Not shooting your rifle to check zero prior to a hunt: official utard status


----------



## Dahlmer (Sep 12, 2007)

My dad and I had a great hunt this year. We saw 25-30 deer (one 16-18" 3 point) on the opener before the weather pushed us off the mountain. Went back out Monday and we saw 9 bucks. All but one were 3 points or better. I would have liked to extend the hunt a little longer, but after spending 10 days in Wyoming chasing elk, my daughter having her first child this week and needing another 10 days for Colorado in November, I shot a decent 3x4 and my dad shot a little 4 point. Both bucks were lying dead 50 yards from each other.

We saw far more deer than we expected this year. I'm sure the weather helped.


----------



## 3arabians (Dec 9, 2014)

He is a really cool buck tail chaser. I’m glad you got him and he didn’t end up coyote food. Sounds like you learned a lesson about making sure your gun is on before you take it out hunting again. 

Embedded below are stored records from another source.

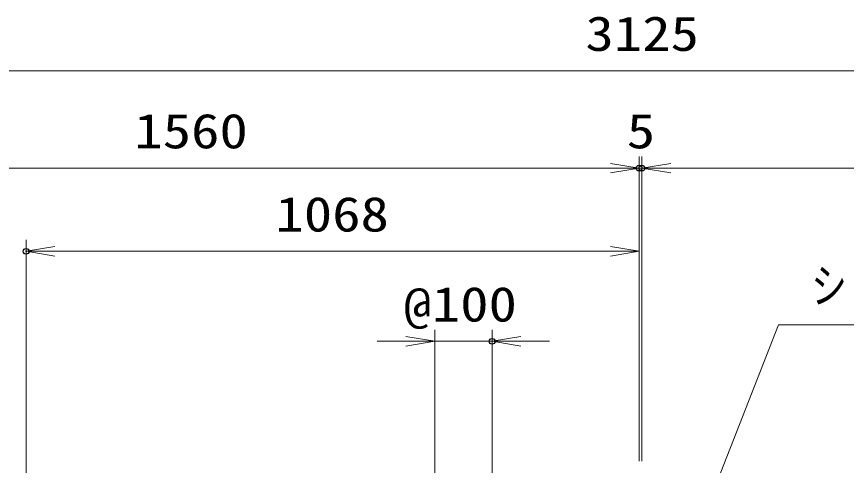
# Model space of a CAD drawing. Units: millimetres at full size. Extents: x -5940 to 5940, y -4200 to 4200.
# Drawn here: x -2781 to -1335, y -216 to 567 of the extents above; entities that cross this region are included whole.
import ezdxf
from ezdxf.enums import TextEntityAlignment as Align

# ---------------------------------------------------------------- set-up
doc = ezdxf.new("R2010")
doc.units = ezdxf.units.MM
doc.header["$LTSCALE"] = 20
doc.header["$PDMODE"] = 32
doc.header["$PDSIZE"] = 10
doc.layers.add('0-6_寸法線', color=4, linetype='Continuous', lineweight=18)
doc.layers.add('0-7_0', color=7, linetype='Continuous', lineweight=18)
doc.layers.add('0-8_Defpoints', color=7, linetype='Continuous')
doc.styles.add('ＭＳ ゴシック', font='')
doc.styles.get('ＭＳ ゴシック').set_extended_font_data('MS Gothic')

# ---------------------------------------------------------------- blocks, each defined once
blk = doc.blocks.new('_Open')
at = {"layer": '0-7_0'}
blk.add_line((-20, 3.333), (0, 0), dxfattribs=at)
blk.add_lwpolyline([(-20, -3.333), (0, 0), (-20, 0)], dxfattribs=at)
blk = doc.blocks.new('S24')
at = {"layer": '0-6_寸法線'}
for points in [[(-2816586.7, 58507488.8), (-2824739.5, 58507488.8), (-2828118.6, 58498866.8), (-2828483.5, 58497935.8)], [(-2828273.8, 58498927.6), (-2828483.5, 58497935.8), (-2827963.4, 58498806)]]:
    blk.add_lwpolyline(points, dxfattribs=at)
at = {"layer": '0-6_寸法線', "color": 254, "style": 'ＭＳ ゴシック', "width": 0.75}
blk.add_text('シリンダ-錠', height=1212, dxfattribs=at).set_placement((-2823604.3, 58507885.7), align=Align.BOTTOM_LEFT)

msp = doc.modelspace()

# ---------------------------------------------------------------- linework, layer by layer
at = {"layer": '0-6_寸法線'}
for p, q in [((-3256.54, 472.78), (-131.54, 472.78)), ((-1696.54, -208.48), (-1696.54, 322.78)), ((-1696.54, -208.48), (-1696.54, 322.78)), ((-1691.54, -208.48), (-1691.54, 322.78)), ((-1691.54, -208.48), (-1691.54, 322.78)), ((-1696.54, 302.78), (-3256.54, 302.78)), ((-1746.54, 302.78), (-1796.54, 302.78)), ((-1691.54, 302.78), (-1696.54, 302.78)), ((-131.54, 302.78), (-1691.54, 302.78)), ((-1641.54, 302.78), (-1591.54, 302.78)), ((-2764.79, -288.48), (-2764.79, 177.6)), ((-1696.54, -208.48), (-1696.54, 177.6)), ((-1696.54, 157.6), (-2764.79, 157.6)), ((-2052.79, -241.48), (-2052.79, 20.56)), ((-1952.79, -241.48), (-1952.79, 20.56)), ((-2102.79, 0.56), (-2152.79, 0.56)), ((-2052.79, 0.56), (-1952.79, 0.56)), ((-1902.79, 0.56), (-1852.79, 0.56))]:
    msp.add_line(p, q, dxfattribs=at)
at = {"layer": '0-8_Defpoints'}
for p in [(-1696.54, 302.78), (-1691.54, 302.78), (-2764.79, 157.6), (-1952.79, 0.56)]:
    msp.add_point(p, dxfattribs=at)

# ---------------------------------------------------------------- block references
at = {"layer": '0-6_寸法線'}
for name, p, xscale, yscale in [('_Open', (-1696.54, 302.78), 2.5, 2.5), ('_Open', (-1696.54, 302.78), 2.5, 2.5), ('_Open', (-1696.54, 157.6), 2.5, 2.5), ('S24', (139783.64, -2925345.27), 0.05, 0.05), ('_Open', (-2052.79, 0.56), 2.5, 2.5)]:
    msp.add_blockref(name, p, dxfattribs=dict(at, xscale=xscale, yscale=yscale))
at = {"layer": '0-6_寸法線', "xscale": 2.5, "yscale": 2.5, "rotation": 180}
for p in [(-1691.54, 302.78), (-1691.54, 302.78), (-2764.79, 157.6), (-1952.79, 0.56)]:
    msp.add_blockref('_Open', p, dxfattribs=at)

# ---------------------------------------------------------------- texts
at = {"layer": '0-6_寸法線', "color": 254, "style": 'ＭＳ ゴシック', "width": 1.2}
for s, p in [('3125', (-1790.04, 489.12)), ('1560', (-2576.14, 319.12)), ('5', (-1718.04, 319.12)), ('1068', (-2330.26, 173.94)), ('@100', (-2107.19, 16.9))]:
    msp.add_text(s, height=60.56, dxfattribs=at).set_placement(p, align=Align.BOTTOM_LEFT)

doc.saveas('drawing.dxf')

Sent from my iPhone using Tapatalk


----------



## johnnycake (Jul 19, 2011)

#saynope2thescope
#ironsightsupremacy


----------



## Tail Chaser (Oct 25, 2021)

MooseMeat said:


> Not shooting your rifle to check zero prior to a hunt: official utard status


I figured you would have something to say on this matter. I own it. It was a utard thing to do. However, you totally missed my point of telling the story. I could have easily said one and done and had everyone on hear say "awesome buck" "that's cool good job". I posted what really happened to help someone else 1. realize chit happens. 2. Think about their checklist before they head out. I was a watcher of the forum for a lot of years and true hunting stories are the ones that helped me the most. When people realize there mistakes in a hunt is when everyone learns something. This hunt wasn't number 1 on my priority list and it showed. Not an excuse just the truth. I can playback every shot and say what went wrong. I don't need to explain it to anyone nor do I need criticism from someone who doesn't know me and wasn't there. What happened happened hopefully my story will help someone not forget to know where there zero is. I always have mine setup for 150 for deer and 300 for elk. The last two times that gun was used were for deer hence the 150 yard thinking. Both deer shot under 100 yards so it didn't matter anyway. Apparently, it is still on my Elk yardages though. It definitely showed me that I always need to shoot my gun before a hunt. Lesson learned we all move on. Sorry not everyone can be "moosemeat perfection 24/7". the rest of the world other than moosemeat makes mistakes here and there. It is what you do with the lesson of failure that means something. In my case I can follow through better with completing my checklist before my big game rifle hunts. I am dialed in on birds and archery.


----------



## Tail Chaser (Oct 25, 2021)

3arabians said:


> He is a really cool buck tail chaser. I’m glad you got him and he didn’t end up coyote food. Sounds like you learned a lesson about making sure your gun is on before you take it out hunting again.
> 
> 
> Sent from my iPhone using Tapatalk


It was shot after and dead nuts at 300. Still had it on my elk hunting numbers. If I would have taken a moment to think of the last time it was sighted in I would have blew him over the first shot. Lesson learned, definitely will check when I take it hunting again. Although that may be a long time. For deer hunting I have access to private and the Archery hunt is typically better with way less pressure. I am probably just going to switch to that as archery is a lot more fun to me. I am not big on long range shooting and don't see the fun in 1,000 yard shots. It is cool that people do it and I have nothing wrong with it. It just isn't my thing. Getting within 50 yards of a big game animal is definitely a rush.


----------



## Tail Chaser (Oct 25, 2021)

johnnycake said:


> #saynope2thescope
> #ironsightsupremacy


Funny thing is I almost took my Grandpas old 30-30 or his old 35 that is iron sights. I love both of those guns and have taken animals with them. The only ammo I have left for it is a old box that my grandpa bought and it has more sentimental value. I didn't make a decision before the hunt was here or I would have bought shells and taken it. I may not have shot this buck, but on the way off the hill one of my hitlist bucks that I wanted to shoot with a bow was 75 yards away from us. I had been keeping an eye on him all through the muzzy hunt, but when the full moon came he disappeared. I had an idea of where he was, but didn't want to blow him out. I was going to hold out for him, but with the weather and a wife and 2 little boys I took what I had in front of me.


----------



## Vanilla (Dec 11, 2009)

Moose is hard on folks on the forum, but trust me, he has made his mistakes too!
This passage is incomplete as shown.